Physically, I hate aging, and I've thought about it ever since I was young. I don't want to become slow, fat, weak, ugly, and then die. I'll make the best of it, but I will hate it. I am also terrified of possible late-life mental degradation because most of my self and much of what I value is in my mind. Dementia would be the worst because it would erase my memories, dismantle my rational faculties, and send me on wild flights of intuition. I hope that Architect is right--that the Singularity will come to rescue me from the decaying corpse that I will doubtless one day inhabit.
Otherwise, I have six principal fears:
1.) Accident. Death by accident is almost inescapable and cruelly ironic.

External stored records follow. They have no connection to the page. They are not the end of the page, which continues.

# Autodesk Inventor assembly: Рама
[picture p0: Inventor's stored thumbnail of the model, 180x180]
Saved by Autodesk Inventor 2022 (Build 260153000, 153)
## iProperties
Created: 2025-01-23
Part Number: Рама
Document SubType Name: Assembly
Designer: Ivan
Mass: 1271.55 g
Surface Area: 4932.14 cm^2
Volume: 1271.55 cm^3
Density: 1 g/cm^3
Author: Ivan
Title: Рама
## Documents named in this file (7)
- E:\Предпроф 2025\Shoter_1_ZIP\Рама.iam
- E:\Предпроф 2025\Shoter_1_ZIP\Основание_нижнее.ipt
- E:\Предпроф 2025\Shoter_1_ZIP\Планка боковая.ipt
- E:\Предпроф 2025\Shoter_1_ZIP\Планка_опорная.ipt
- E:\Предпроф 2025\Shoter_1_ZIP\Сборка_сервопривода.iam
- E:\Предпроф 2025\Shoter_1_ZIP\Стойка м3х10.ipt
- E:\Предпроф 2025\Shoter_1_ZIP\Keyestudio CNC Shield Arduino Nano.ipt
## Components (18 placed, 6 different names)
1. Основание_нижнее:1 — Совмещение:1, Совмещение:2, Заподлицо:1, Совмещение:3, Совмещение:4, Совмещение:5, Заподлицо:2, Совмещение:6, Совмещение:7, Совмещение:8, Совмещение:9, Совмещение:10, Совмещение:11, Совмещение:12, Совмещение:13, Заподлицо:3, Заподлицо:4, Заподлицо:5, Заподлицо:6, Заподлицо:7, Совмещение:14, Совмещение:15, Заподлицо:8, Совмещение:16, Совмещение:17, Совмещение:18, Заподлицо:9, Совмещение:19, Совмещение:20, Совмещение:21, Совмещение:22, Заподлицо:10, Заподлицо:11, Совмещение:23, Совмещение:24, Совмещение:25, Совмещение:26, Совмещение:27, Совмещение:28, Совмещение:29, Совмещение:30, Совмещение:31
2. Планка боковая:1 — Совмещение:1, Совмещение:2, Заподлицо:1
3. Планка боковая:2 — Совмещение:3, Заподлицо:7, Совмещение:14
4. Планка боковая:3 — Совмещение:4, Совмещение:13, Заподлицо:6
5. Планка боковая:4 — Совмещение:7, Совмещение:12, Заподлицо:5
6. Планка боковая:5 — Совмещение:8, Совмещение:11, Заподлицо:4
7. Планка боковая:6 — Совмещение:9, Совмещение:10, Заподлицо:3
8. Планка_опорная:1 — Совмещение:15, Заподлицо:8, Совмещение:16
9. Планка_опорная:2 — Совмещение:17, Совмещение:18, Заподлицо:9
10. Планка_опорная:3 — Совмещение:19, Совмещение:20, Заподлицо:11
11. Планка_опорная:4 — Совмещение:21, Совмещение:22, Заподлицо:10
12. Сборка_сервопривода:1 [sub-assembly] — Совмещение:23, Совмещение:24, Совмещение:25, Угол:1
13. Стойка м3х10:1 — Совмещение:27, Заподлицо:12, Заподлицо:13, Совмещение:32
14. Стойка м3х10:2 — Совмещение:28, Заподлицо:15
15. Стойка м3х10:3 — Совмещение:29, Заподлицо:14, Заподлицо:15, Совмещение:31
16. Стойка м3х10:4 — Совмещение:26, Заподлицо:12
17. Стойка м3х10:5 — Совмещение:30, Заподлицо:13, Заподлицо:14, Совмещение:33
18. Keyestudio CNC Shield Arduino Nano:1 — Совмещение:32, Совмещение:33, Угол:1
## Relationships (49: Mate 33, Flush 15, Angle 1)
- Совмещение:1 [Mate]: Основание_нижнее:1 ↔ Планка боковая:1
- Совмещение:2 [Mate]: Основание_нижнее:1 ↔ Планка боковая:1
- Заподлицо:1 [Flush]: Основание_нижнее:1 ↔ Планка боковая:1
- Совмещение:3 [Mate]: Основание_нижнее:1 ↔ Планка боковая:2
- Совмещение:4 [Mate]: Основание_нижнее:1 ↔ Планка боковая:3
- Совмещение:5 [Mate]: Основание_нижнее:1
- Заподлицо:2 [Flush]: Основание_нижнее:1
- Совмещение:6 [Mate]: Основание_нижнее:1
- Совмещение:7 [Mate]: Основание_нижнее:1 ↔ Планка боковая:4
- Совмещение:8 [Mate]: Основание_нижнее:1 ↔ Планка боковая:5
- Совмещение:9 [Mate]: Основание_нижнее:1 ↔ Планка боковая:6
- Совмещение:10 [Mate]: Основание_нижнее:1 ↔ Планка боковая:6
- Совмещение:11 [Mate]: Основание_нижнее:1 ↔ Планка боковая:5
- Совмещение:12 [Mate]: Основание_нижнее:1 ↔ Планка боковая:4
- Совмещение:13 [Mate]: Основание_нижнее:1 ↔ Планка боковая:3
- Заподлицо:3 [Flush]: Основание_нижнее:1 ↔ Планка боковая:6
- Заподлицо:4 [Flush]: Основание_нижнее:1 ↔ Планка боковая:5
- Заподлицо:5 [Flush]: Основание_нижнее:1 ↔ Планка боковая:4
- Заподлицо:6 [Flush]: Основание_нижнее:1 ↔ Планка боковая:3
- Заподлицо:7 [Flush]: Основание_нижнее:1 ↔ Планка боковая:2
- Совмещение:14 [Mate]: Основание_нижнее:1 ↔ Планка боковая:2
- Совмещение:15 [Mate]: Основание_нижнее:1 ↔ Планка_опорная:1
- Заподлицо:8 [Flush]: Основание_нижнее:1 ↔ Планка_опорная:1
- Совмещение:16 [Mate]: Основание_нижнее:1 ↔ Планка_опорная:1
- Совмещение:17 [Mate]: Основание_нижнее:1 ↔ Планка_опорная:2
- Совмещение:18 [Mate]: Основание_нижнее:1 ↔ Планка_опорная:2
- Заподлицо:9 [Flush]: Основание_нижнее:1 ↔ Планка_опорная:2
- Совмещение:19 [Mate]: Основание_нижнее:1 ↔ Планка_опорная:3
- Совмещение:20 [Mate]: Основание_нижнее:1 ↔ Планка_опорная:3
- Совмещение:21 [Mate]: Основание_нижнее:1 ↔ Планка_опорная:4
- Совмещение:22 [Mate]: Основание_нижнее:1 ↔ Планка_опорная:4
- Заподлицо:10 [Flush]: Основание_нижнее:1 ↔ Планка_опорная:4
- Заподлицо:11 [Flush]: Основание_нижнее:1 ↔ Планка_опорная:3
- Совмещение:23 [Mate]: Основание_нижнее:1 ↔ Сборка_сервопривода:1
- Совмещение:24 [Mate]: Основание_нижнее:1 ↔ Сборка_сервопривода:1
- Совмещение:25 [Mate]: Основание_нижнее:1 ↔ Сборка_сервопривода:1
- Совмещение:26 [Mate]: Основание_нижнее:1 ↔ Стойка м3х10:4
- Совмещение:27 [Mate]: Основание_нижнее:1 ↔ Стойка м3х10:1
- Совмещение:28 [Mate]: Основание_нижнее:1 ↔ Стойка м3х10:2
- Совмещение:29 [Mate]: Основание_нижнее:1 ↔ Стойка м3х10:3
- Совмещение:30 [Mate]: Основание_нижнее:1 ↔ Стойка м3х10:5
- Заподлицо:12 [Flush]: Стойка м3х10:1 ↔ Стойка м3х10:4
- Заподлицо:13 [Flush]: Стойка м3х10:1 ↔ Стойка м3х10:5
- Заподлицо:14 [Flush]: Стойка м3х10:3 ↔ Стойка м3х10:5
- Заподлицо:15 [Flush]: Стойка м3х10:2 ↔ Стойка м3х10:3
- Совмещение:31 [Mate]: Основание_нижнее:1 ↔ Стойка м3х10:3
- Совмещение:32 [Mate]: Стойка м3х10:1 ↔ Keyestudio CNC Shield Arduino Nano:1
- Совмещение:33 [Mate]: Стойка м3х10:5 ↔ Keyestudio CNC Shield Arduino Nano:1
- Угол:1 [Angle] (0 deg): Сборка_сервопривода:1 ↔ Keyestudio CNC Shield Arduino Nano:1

2.) Homicide. Death by homicide is only almost entirely preventable even when uploaded.
3.) Neurological disease. I most likely am a brain (electronic or squishy) and therefore need to ensure its function in order to continue existing in any capacity.
4.) Psychic degradation. Even if I upload my consciousness, becoming jaded and bored would make having a functioning brain almost useless.
5.) Cardiovascular disease. Unpredictable, horrifically injurious within seconds, and deadly within minutes. If I'm going to survive for longer than a few decades, then I need to get out of this body.
6.) Cancer. Rogue cells revolt, potentially metastasizing within days. As aforementioned, the human body is a death trap from which I must escape post haste.
If safe, reliable, long-term suspended animation becomes available, then I'll jump into a tank until safe, reliable, long-term mind uploading becomes possible; at that point, I will with frosty nose step into the uploading station.